═════ Input ═════

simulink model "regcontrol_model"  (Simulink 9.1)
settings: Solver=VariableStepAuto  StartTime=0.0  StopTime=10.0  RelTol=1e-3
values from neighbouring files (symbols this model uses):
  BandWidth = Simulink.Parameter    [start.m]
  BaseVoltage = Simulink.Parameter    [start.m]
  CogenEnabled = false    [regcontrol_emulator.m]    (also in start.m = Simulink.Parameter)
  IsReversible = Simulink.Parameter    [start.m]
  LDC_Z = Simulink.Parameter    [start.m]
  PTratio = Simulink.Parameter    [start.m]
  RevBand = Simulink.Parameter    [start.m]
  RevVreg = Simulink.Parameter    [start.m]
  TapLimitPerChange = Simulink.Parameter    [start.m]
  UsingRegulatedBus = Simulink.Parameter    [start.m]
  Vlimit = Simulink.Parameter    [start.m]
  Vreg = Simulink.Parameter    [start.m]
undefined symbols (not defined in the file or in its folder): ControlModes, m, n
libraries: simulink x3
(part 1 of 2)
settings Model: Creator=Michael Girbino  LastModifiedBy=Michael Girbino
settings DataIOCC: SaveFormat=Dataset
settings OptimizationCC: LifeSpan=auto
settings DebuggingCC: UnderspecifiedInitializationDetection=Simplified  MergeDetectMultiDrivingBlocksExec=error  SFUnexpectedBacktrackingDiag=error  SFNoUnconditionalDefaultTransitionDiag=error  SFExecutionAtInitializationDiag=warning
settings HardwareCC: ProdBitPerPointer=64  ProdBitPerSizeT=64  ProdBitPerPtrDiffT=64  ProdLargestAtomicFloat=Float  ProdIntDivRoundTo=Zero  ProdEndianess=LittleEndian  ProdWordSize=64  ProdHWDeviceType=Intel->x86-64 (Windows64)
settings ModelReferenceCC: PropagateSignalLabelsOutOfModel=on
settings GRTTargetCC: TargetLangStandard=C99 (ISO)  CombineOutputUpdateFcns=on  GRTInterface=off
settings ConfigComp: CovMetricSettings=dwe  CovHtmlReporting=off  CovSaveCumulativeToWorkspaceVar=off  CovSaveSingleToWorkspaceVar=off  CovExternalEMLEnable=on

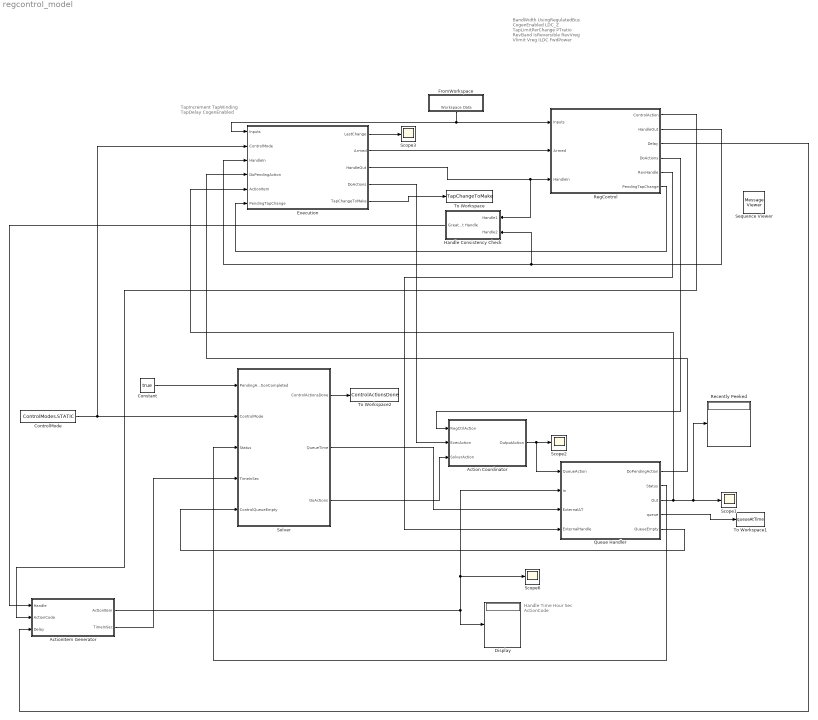
== system regcontrol_model ==
  note: BandWidth
      | UsingRegulatedBus
      | CogenEnabled
      | LDC_Z
      | TapLimitPerChange
      | PTratio
      | RevBand
      | IsReversible
      | RevVreg
      | Vlimit
      | Vreg
      | ILDC
      | FwdPower
  note: Handle
      | Time
      | Hour
      | Sec
      | ActionCode
  note: TapIncrement
      | TapWinding
      | TapDelay
      | CogenEnabled
  Action Coordinator : Stateflow chart  TreatAsAtomicUnit=on
  ActionItem Generator : Subsystem
  Constant : Constant  Value=true  OutDataTypeStr=boolean
  ControlMode : Constant  Value=ControlModes.STATIC  OutDataTypeStr=Enum: ControlModes
  Display : Display
  Execution : Stateflow chart  TreatAsAtomicUnit=on
  FromWorkspace : Subsystem
  Handle Consistency Check : Subsystem
  Queue Handler : Stateflow chart  TreatAsAtomicUnit=on
  Recently Peeked : Display
  RegControl : Stateflow chart  TreatAsAtomicUnit=on
  Scope{1..3,6} (4 alike) : Scope
  Sequence Viewer : MessageViewer
  Solver : Stateflow chart  TreatAsAtomicUnit=on
  To Workspace : ToWorkspace  VariableName=TapChangeToMake  SaveFormat=Timeseries  SampleTime=-1
  To Workspace1 : ToWorkspace  VariableName=queueAtTime  SaveFormat=Structure With Time  SampleTime=-1
  To Workspace2 : ToWorkspace  VariableName=ControlActionsDone  SaveFormat=Timeseries  SampleTime=-1
  wires:
  FromWorkspace/1(Workspace Data) -> Execution/1(Inputs), RegControl/1(Inputs)
  Queue Handler/5(QueueEmpty) -> Solver/5(ControlQueueEmpty)
  Queue Handler/4(queue) -> To Workspace1/1
  Constant/1 -> Solver/1(PendingActionCompleted)
  ActionItem Generator/2(TimeInSec) -> Solver/4(TimeInSec)
  Queue Handler/2(Status) -> Solver/3(Status)
  ControlMode/1 -> Execution/2(ControlMode), Solver/2(ControlMode)
  Solver/2(QueueTime) -> Queue Handler/3(ExternalAT)
  Queue Handler/3(Out) -> Recently Peeked/1, Scope1/1, Execution/5(ActionItem)
  ActionItem Generator/1(ActionItem) -> Scope6/1, Queue Handler/2(In), Display/1
  Solver/1(ControlActionsDone) -> To Workspace2/1
  RegControl/1(ControlAction) -> ActionItem Generator/2(ActionCode)
  Action Coordinator/1(OutputAction) -> Queue Handler/1(QueueAction), Scope2/1
  Solver/3(DoActions) -> Action Coordinator/3(SolverAction)
  Execution/4(DoActions) -> Action Coordinator/2(ExecAction)
  RegControl/4(DoActions) -> Action Coordinator/1(RegCtrlAction)
  RegControl/3(Delay) -> ActionItem Generator/3(Delay)
  RegControl/2(HandleOut) -> Handle Consistency Check/2(Handle2), Execution/3(HandleIn)
  RegControl/5(RevHandle) -> Queue Handler/4(ExternalHandle)
  Execution/3(HandleOut) -> Handle Consistency Check/1(Handle1), RegControl/3(HandleIn)
  Execution/2(Armed) -> RegControl/2(Armed)
  Queue Handler/1(DoPendingAction) -> Execution/4(DoPendingAction)
  Execution/5(TapChangeToMake) -> To Workspace/1
  RegControl/6(PendingTapChange) -> Execution/6(PendingTapChange)
  Execution/1(LastChange) -> Scope3/1
  Handle Consistency Check/1(Greatest Handle) -> ActionItem Generator/1(Handle)

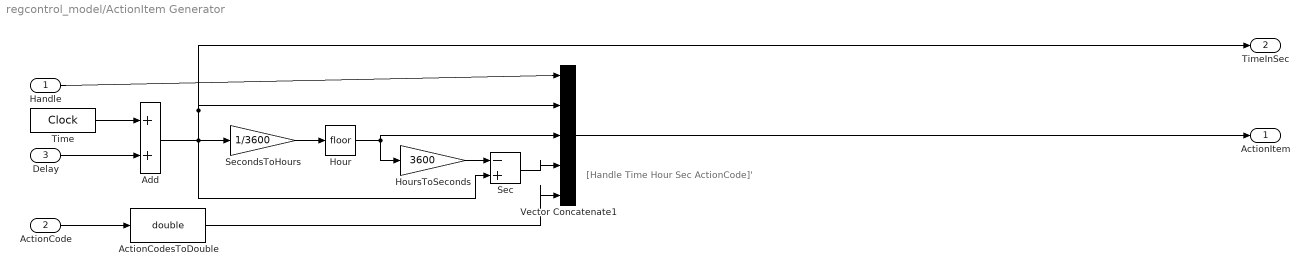
== system regcontrol_model/ActionItem Generator ==
  note: [Handle Time Hour Sec ActionCode]'
  Handle : Inport
  ActionCode : Inport  Port=2
  Delay : Inport  Port=3
  ActionCodesToDouble : DataTypeConversion  OutDataTypeStr=double
  Add : Sum
  Hour : Rounding
  HoursToSeconds : Gain  Gain=3600
  Sec : Sum  Inputs=-+
  SecondsToHours : Gain  Gain=1/3600
  Time : DigitalClock
  Vector Concatenate1 : Concatenate  NumInputs=5
  ActionItem : Outport
  TimeInSec : Outport  Port=2
  wires:
  Add/1 -> Sec/2, SecondsToHours/1, TimeInSec/1, Vector Concatenate1/2
  Hour/1 -> Vector Concatenate1/3, HoursToSeconds/1
  SecondsToHours/1 -> Hour/1
  Vector Concatenate1/1 -> ActionItem/1
  HoursToSeconds/1 -> Sec/1
  Handle/1 -> Vector Concatenate1/1
  Sec/1 -> Vector Concatenate1/4
  Delay/1 -> Add/2
  Time/1 -> Add/1
  ActionCode/1 -> ActionCodesToDouble/1
  ActionCodesToDouble/1 -> Vector Concatenate1/5

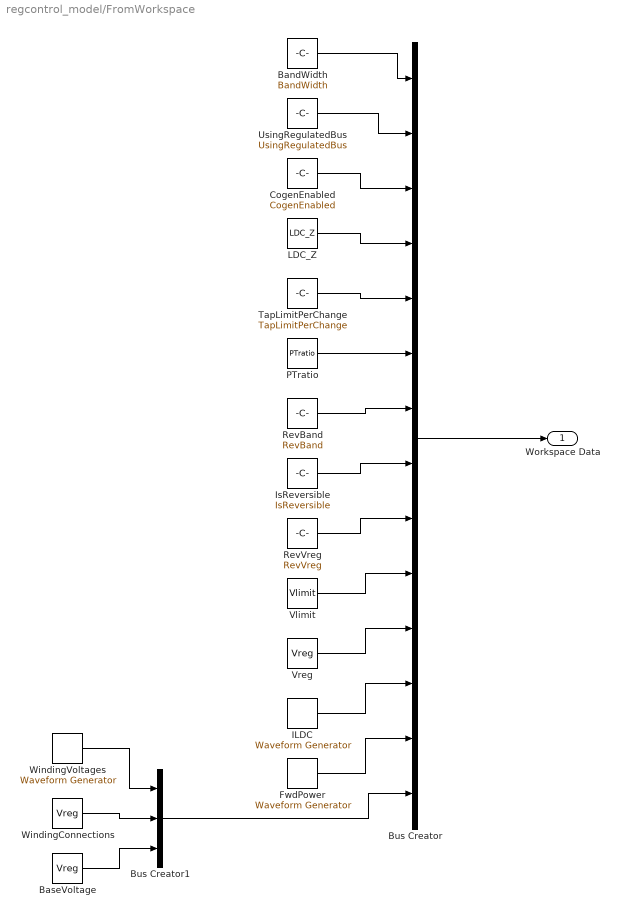
== system regcontrol_model/FromWorkspace ==
  BandWidth : Constant  Value=BandWidth
  BaseVoltage : Constant  Value=Vreg
  Bus Creator : BusCreator  Inputs=14  OutDataTypeStr=Bus: InputsBus
  Bus Creator1 : BusCreator  Inputs=3  OutDataTypeStr=Bus: ControlledTransformer
  CogenEnabled : Constant  Value=CogenEnabled
  FwdPower : simulink/Sources/Waveform Generator  OutMin=[]  OutMax=[]  OutDataTypeStr=double  SelectedSignal=1  Signals=FwdPower  BlockNames=MultiportSwitch_38ca288ec892465  SampleTime=0.1
      settings: SourceProductName=Simulink
  ILDC : simulink/Sources/Waveform Generator  OutMin=[]  OutMax=[]  OutDataTypeStr=double  SelectedSignal=1  Signals=ILDC  BlockNames=MultiportSwitch_5ceb58a2c9c749f  SampleTime=0.1
      settings: SourceProductName=Simulink
  IsReversible : Constant  Value=IsReversible
  LDC_Z : Constant  Value=LDC_Z
  PTratio : Constant  Value=PTratio
  RevBand : Constant  Value=RevBand
  RevVreg : Constant  Value=RevVreg
  TapLimitPerChange : Constant  Value=TapLimitPerChange
  UsingRegulatedBus : Constant  Value=UsingRegulatedBus
  Vlimit : Constant  Value=Vlimit
  Vreg : Constant  Value=Vreg
  WindingConnections : Constant  Value=Vreg
  WindingVoltages : simulink/Sources/Waveform Generator  OutMin=[]  OutMax=[]  OutDataTypeStr=double  SelectedSignal=1  Signals=FwdPower  BlockNames=MultiportSwitch_38ca288ec892465  SampleTime=0.1
      settings: SourceProductName=Simulink
  Workspace Data : Outport
  wires:
  ILDC/1 -> Bus Creator/12
  Vlimit/1 -> Bus Creator/10
  LDC_Z/1 -> Bus Creator/4
  BandWidth/1 -> Bus Creator/1
  TapLimitPerChange/1 -> Bus Creator/5
  FwdPower/1 -> Bus Creator/13
  PTratio/1 -> Bus Creator/6
  Vreg/1 -> Bus Creator/11
  IsReversible/1 -> Bus Creator/8
  RevVreg/1 -> Bus Creator/9
  Bus Creator/1 -> Workspace Data/1
  RevBand/1 -> Bus Creator/7
  UsingRegulatedBus/1 -> Bus Creator/2
  CogenEnabled/1 -> Bus Creator/3
  Bus Creator1/1 -> Bus Creator/14
  WindingVoltages/1 -> Bus Creator1/1
  WindingConnections/1 -> Bus Creator1/2
  BaseVoltage/1 -> Bus Creator1/3

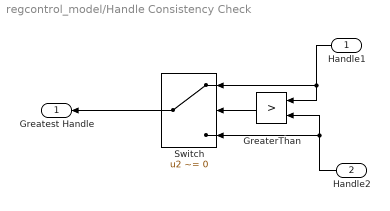
== system regcontrol_model/Handle Consistency Check ==
  Handle1 : Inport
  Handle2 : Inport  Port=2
  GreaterThan : RelationalOperator  Operator=>  RndMeth=Simplest
  Switch : Switch  Criteria=u2 ~= 0
  Greatest Handle : Outport
  wires:
  Handle2/1 -> GreaterThan/2, Switch/3
  GreaterThan/1 -> Switch/2
  Handle1/1 -> GreaterThan/1, Switch/1
  Switch/1 -> Greatest Handle/1

== stateflow chart Execution ==
  settings: executeAtInitialization=1
  state Push(CodeVal, DelayVal) [function]
    (default) -> (junction 24) : {ActionCode = CodeVal;
        | Delay = DelayVal;
        | HandleOut = HandleOut + 1;
        | DoActions.data = QueueActions.PUSH;
        | send(DoActions);}
  state AssignInputsToLocals [function]
    (default) -> (junction 26) : {% From Script:
        | TapIncrement = Inputs.TapIncrementl
        | TapWinding = Inputs.TapWinding;
        | TapDelay = Inputs.TapDelay;
        | CogenEnabled = Inputs.CogenEnabled;
        | % From the ControlQueue:
        | Code = ...
        | ActionItem(NewControlQueueFields.ActionCode);
        | % PendingTapChange:
        | LocalPendingTapChange = PendingTapChange;}
    (junction 26) -> (junction 27) [order 1] : [HandleIn > HandleOut]
    (junction 26) -> (junction 28) [order 2]
    (junction 27) -> (junction 29) : {HandleOut = HandleIn;}
    (junction 29) -> (junction 28)
    (junction 28) -> (junction 30)
  state ChangeToMake = AtLeastOneTap(ProposedChange, Increment) [function]
    note: Called in STATIC mode
        | Changes 70% of the way but at least one tap, subject to maximum allowable tap change
    (default) -> (junction 40) : {NumTaps = floor(0.7 * abs(ProposedChange)/Increment);}
    (junction 40) -> (junction 41) [order 1] : [NumTaps == 0]
    (junction 40) -> (junction 42) [order 2]
    (junction 41) -> (junction 43) : {NumTaps = 1;} % At least 1 tap
    (junction 43) -> (junction 42)
    (junction 42) -> (junction 44)
    (junction 44) -> (junction 45) [order 1] : [NumTaps > TapLimitPerChange]
    (junction 44) -> (junction 46) [order 2]
    (junction 45) -> (junction 47) : {NumTaps = TapLimitPerChange;} % Bound by maximum
    (junction 47) -> (junction 46)
    (junction 46) -> (junction 48) : {LastChange = NumTaps;}
    (junction 48) -> (junction 49) [order 1] : % Check sign on change:
        | [ProposedChange > 0]
    (junction 48) -> (junction 50) [order 2] : {ChangeToMake = -1*NumTaps*Increment;
        | LastChange = -1*NumTaps;}
    (junction 49) -> (junction 51) : {ChangeToMake =...
        |  NumTaps*Increment;}
    (junction 51) -> (junction 50)
    (junction 50) -> (junction 52)
  state [ChangeToMake, NewProposedChange] = OneInDirectionOf(ProposedChange, Increment) [function]
    note: Computes the amount of one tap change in the direction of the pending tapchange
        | Automatically decrements the proposed change by that amount
    (default) -> (junction 103) : {LastChange = 0;}
    (junction 103) -> (junction 104) [order 1] : [ProposedChange > 0]
    (junction 103) -> (junction 105) [order 2] : {ChangeToMake = -1*Increment;
        | LastChange = -1;
        | NewProposedChange = ProposedChange + Increment;}
    (junction 104) -> (junction 106) : {ChangeToMake = Increment;
        | LastChange = 1;
        | NewProposedChange =...
        |  ProposedChange - Increment;}
    (junction 106) -> (junction 105)
    (junction 105) -> (junction 107)
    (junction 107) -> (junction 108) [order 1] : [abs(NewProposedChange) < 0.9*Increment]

═════

### What you should do
Scan the material above and copy every line that holds the string "Consistency".

### Solved problem
  Handle Consistency Check : Subsystem
  RegControl/2(HandleOut) -> Handle Consistency Check/2(Handle2), Execution/3(HandleIn)
  Execution/3(HandleOut) -> Handle Consistency Check/1(Handle1), RegControl/3(HandleIn)
  Handle Consistency Check/1(Greatest Handle) -> ActionItem Generator/1(Handle)
== system regcontrol_model/Handle Consistency Check ==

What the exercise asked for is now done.